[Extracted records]
======

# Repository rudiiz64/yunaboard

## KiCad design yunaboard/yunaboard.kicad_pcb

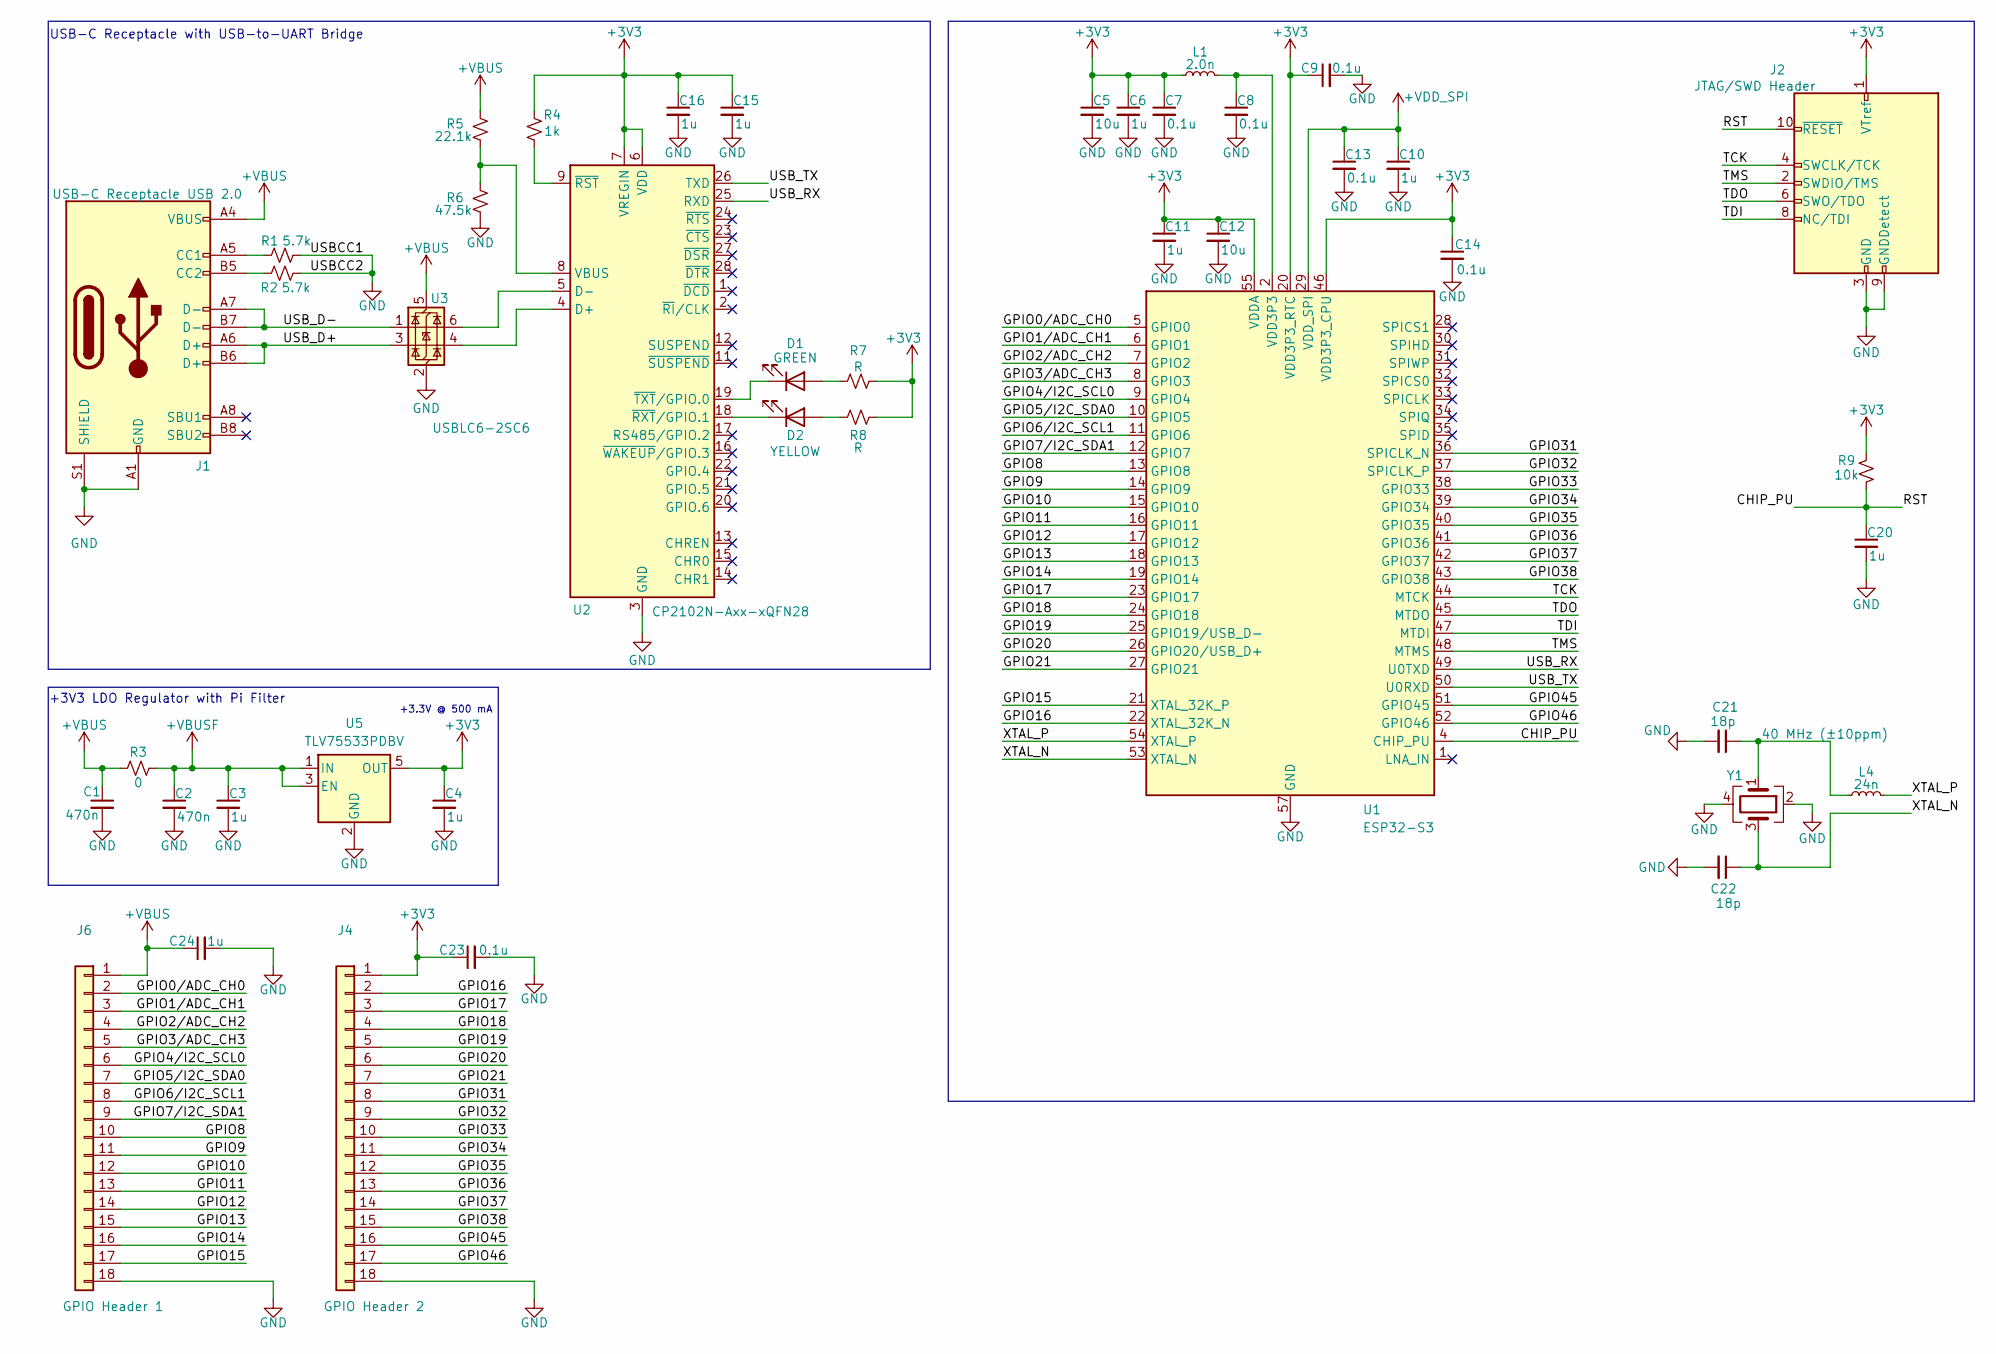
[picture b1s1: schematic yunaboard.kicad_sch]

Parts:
C1, C2: 470n; C_0603_1608Metric
C3, C4, C6, C10, C11, C15, C16, C20: 1u; C_0603_1608Metric
C5, C12: 10u; C_0603_1608Metric
C7, C8, C9, C13, C14, C23: 0.1u; C_0402_1005Metric
C21, C22: 18p; C_0402_1005Metric
C24: 1u; C_0402_1005Metric
D1: GREEN; LED_0603_1608Metric
D2: YELLOW; LED_0603_1608Metric
J1: USB-C Receptacle USB 2.0; USB_C_Receptacle_GCT_USB4105-xx-A_16P_TopMnt_Horizontal
J2: JTAG/SWD Header; PinHeader_2x06_P1.27mm_Vertical
J4: GPIO Header 2; PinHeader_1x18_P2.00mm_Vertical
J6: GPIO Header 1; PinHeader_1x18_P2.00mm_Vertical
L1: 2.0n; L_0201_0603Metric
L4: 24n; L_0201_0603Metric
R1, R2: 5.7k; R_0603_1608Metric
R3: 0; R_0402_1005Metric
R4: 1k; R_0402_1005Metric
R5: 22.1k; R_0402_1005Metric
R6: 47.5k; R_0402_1005Metric
R7, R8: R; R_0402_1005Metric
R9: 10k; R_0402_1005Metric
U1: ESP32-S3; QFN-56-1EP_7x7mm_P0.4mm_EP4x4mm
U2: CP2102N-Axx-xQFN28; QFN-28-1EP_5x5mm_P0.5mm_EP3.35x3.35mm
U3: USBLC6-2SC6; SOT-23-6
U5: TLV75533PDBV; SOT-23-5
Y1: 40 MHz (±10ppm); Crystal_SMD_3225-4Pin_3.2x2.5mm

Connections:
+3V3: C4.1, C5.1, C6.1, C7.1, C9.1, C11.1, C12.1, C14.1, C15.1, C16.1, C23.1, J2.1 (VTref), J4.1, L1.1, R4.1, R7.2, R8.2, R9.2, U1.20 (VDD3P3_RTC), U1.46 (VDD3P3_CPU), U1.55 (VDDA), U1.56 (VDDA), U2.6 (VDD), U2.7 (VREGIN), U5.5 (OUT)
+VBUS: C1.1, C24.1, J1.A4 (VBUS), J1.A9 (VBUS), J1.B4 (VBUS), J1.B9 (VBUS), J6.1, R3.2, R5.1, U3.5 (VBUS)
+VBUSF: C2.1, C3.1, R3.1, U5.1 (IN), U5.3 (EN)
+VDD_SPI: C10.1, C13.1, U1.29 (VDD_SPI)
/CHIP_PU: C20.1, J2.10 (~RESET), R9.1, U1.4 (CHIP_PU)
/GPIO0/ADC_CH0: J6.2, U1.5 (GPIO0)
/GPIO1/ADC_CH1: J6.3, U1.6 (GPIO1)
/GPIO2/ADC_CH2: J6.4, U1.7 (GPIO2)
/GPIO3/ADC_CH3: J6.5, U1.8 (GPIO3)
/GPIO4/I2C_SCL0: J6.6, U1.9 (GPIO4)
/GPIO5/I2C_SDA0: J6.7, U1.10 (GPIO5)
/GPIO6/I2C_SCL1: J6.8, U1.11 (GPIO6)
/GPIO7/I2C_SDA1: J6.9, U1.12 (GPIO7)
/GPIO8: J6.10, U1.13 (GPIO8)
/GPIO9: J6.11, U1.14 (GPIO9)
/GPIO10: J6.12, U1.15 (GPIO10)
/GPIO11: J6.13, U1.16 (GPIO11)
/GPIO12: J6.14, U1.17 (GPIO12)
/GPIO13: J6.15, U1.18 (GPIO13)
/GPIO14: J6.16, U1.19 (GPIO14)
/GPIO15: J6.17, U1.21 (XTAL_32K_P)
/GPIO16: J4.2, U1.22 (XTAL_32K_N)
/GPIO17: J4.3, U1.23 (GPIO17)
/GPIO18: J4.4, U1.24 (GPIO18)
/GPIO19: J4.5, U1.25 (GPIO19/USB_D-)
/GPIO20: J4.6, U1.26 (GPIO20/USB_D+)
/GPIO21: J4.7, U1.27 (GPIO21)
/GPIO31: J4.8, U1.36 (SPICLK_N)
/GPIO32: J4.9, U1.37 (SPICLK_P)
/GPIO33: J4.10, U1.38 (GPIO33)
/GPIO34: J4.11, U1.39 (GPIO34)
/GPIO35: J4.12, U1.40 (GPIO35)
/GPIO36: J4.13, U1.41 (GPIO36)
/GPIO37: J4.14, U1.42 (GPIO37)
/GPIO38: J4.15, U1.43 (GPIO38)
/GPIO45: J4.16, U1.51 (GPIO45)
/GPIO46: J4.17, U1.52 (GPIO46)
/TCK: J2.4 (SWCLK/TCK), U1.44 (MTCK)
/TDI: J2.8 (NC/TDI), U1.47 (MTDI)
/TDO: J2.6 (SWO/TDO), U1.45 (MTDO)
/TMS: J2.2 (SWDIO/TMS), U1.48 (MTMS)
/USB_D+: J1.A6 (D+), J1.B6 (D+), U3.3 (I/O2)
/USB_D-: J1.A7 (D-), J1.B7 (D-), U3.1 (I/O1)
/USB_RX: U1.49 (U0TXD), U2.25 (RXD)
/USB_TX: U1.50 (U0RXD), U2.26 (TXD)
/XTAL_N: C22.1, U1.53 (XTAL_N), Y1.3
/XTAL_P: L4.2, U1.54 (XTAL_P)
GND: C1.2, C2.2, C3.2, C4.2, C5.2, C6.2, C7.2, C8.2, C9.2, C10.2, C11.2, C12.2, C13.2, C14.2, C15.2, C16.2, C20.2, C21.2, C22.2, C23.2, C24.2, J1.A1 (GND), J1.A12 (GND), J1.B1 (GND), J1.B12 (GND), J1.S1 (SHIELD), J2.3 (GND), J2.5 (GND), J2.9 (GNDDetect), J4.18, J6.18, R1.1, R2.1, R6.2, U1.57 (GND), U2.3 (GND), U2.29 (GND), U3.2 (GND), U5.2 (GND), Y1.2, Y1.4
unnamed: C8.1, L1.2, U1.2 (VDD3P3), U1.3 (VDD3P3)
unnamed: C21.1, L4.1, Y1.1
unnamed: D1.2 (A), R7.1
unnamed: D1.1 (K), U2.19 (~TXT/GPIO.0)
unnamed: D2.2 (A), R8.1
unnamed: D2.1 (K), U2.18 (~RXT/GPIO.1)
unnamed: J1.A5 (CC1), R1.2
unnamed: J1.B5 (CC2), R2.2
unnamed: U2.4 (D+), U3.4 (I/O2)
unnamed: U2.5 (D-), U3.6 (I/O1)
unnamed: R5.2, R6.1, U2.8 (VBUS)
unnamed: R4.2, U2.9 (~RST)

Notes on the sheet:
+3V3 LDO Regulator with Pi Filter
USB-C Receptacle with USB-to-UART Bridge
+3.3V @ 500 mA

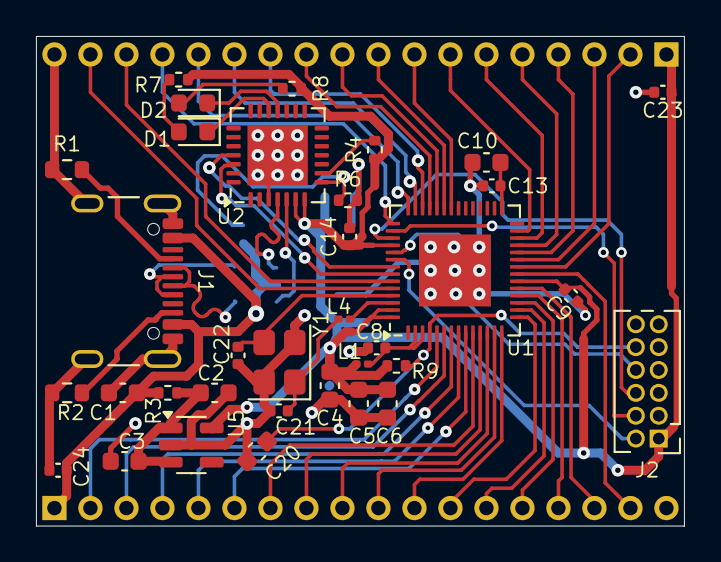
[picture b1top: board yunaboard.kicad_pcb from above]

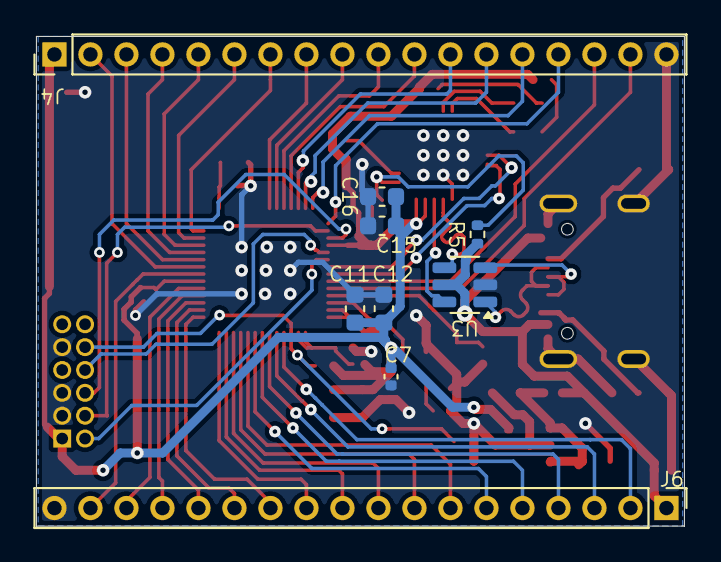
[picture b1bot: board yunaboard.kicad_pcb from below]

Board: 2 copper layers, 36.0 x 27.2 mm, 43 parts (9 on the bottom side), 60 nets.

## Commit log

2026-01-22 Rev 0.1
    - Created repo
    - Created project
    - Initial microcontroller ESP32-S3 placed
    - Initial USB-C Receptacle for 2.0 placed
    - Initial documentation for ESP32 and USB-C saved
2026-01-22 Rev 0.1
    - Added initial USB-C connections
    - Added ESD to USB-C data signals
    - Added initial USB-to-UART bridge IC
    - Added initial bulk capacitors to power inputs
    - Added initial +3.3V LDO regulator
    - Added initial ESP32 S3 circuitry
2026-01-26 Updated schematic
    - Placed JTAG tag connect
    - Placed initial circuitry to the ESP32 S3 (RF, chip PU)
    - Added some labels for better readability
    - Found some more documentation for the ESP32
    - Added some LEDs to the USB-to-UART bridge
2026-01-27 Updated
    - Added footprints to every component
    - Selected capacitors for the external crystals (TBT)
2026-01-28 Update
    - Added GPIO pin headers
    - Excluded RF antenna portion (LNA_IN) - may add in the future
    - Started initial PCB layout
2026-02-02 Update
    - Changed JTAG connector to pin header for SWD
    - Changed GPIO pin headers from 1mm length to 2mm length
    - Adjusted the layout of the PCB from the initial design
2026-02-03 Finalzed PCB
    - Changed LDO to TLV75533PDBVR for an output current of 500 mA
    - Adjusted some routing to reduce ground plane breaking
    - Adjusted some 3V3 traces to be 0.5mm instead of 0.3mm
2026-02-03 Updated reference sheets
    - Removed MIC LDO sheet and added TLV755P sheet

======

• What to produce
The answer must consist only of the lines from the beginning of the entries above through the line that holds "L4: 24n; L_0201_0603Metric", reproduced exactly and without pictures.

• Reply
# Repository rudiiz64/yunaboard

## KiCad design yunaboard/yunaboard.kicad_pcb

[picture b1s1: schematic yunaboard.kicad_sch]

Parts:
C1, C2: 470n; C_0603_1608Metric
C3, C4, C6, C10, C11, C15, C16, C20: 1u; C_0603_1608Metric
C5, C12: 10u; C_0603_1608Metric
C7, C8, C9, C13, C14, C23: 0.1u; C_0402_1005Metric
C21, C22: 18p; C_0402_1005Metric
C24: 1u; C_0402_1005Metric
D1: GREEN; LED_0603_1608Metric
D2: YELLOW; LED_0603_1608Metric
J1: USB-C Receptacle USB 2.0; USB_C_Receptacle_GCT_USB4105-xx-A_16P_TopMnt_Horizontal
J2: JTAG/SWD Header; PinHeader_2x06_P1.27mm_Vertical
J4: GPIO Header 2; PinHeader_1x18_P2.00mm_Vertical
J6: GPIO Header 1; PinHeader_1x18_P2.00mm_Vertical
L1: 2.0n; L_0201_0603Metric
L4: 24n; L_0201_0603Metric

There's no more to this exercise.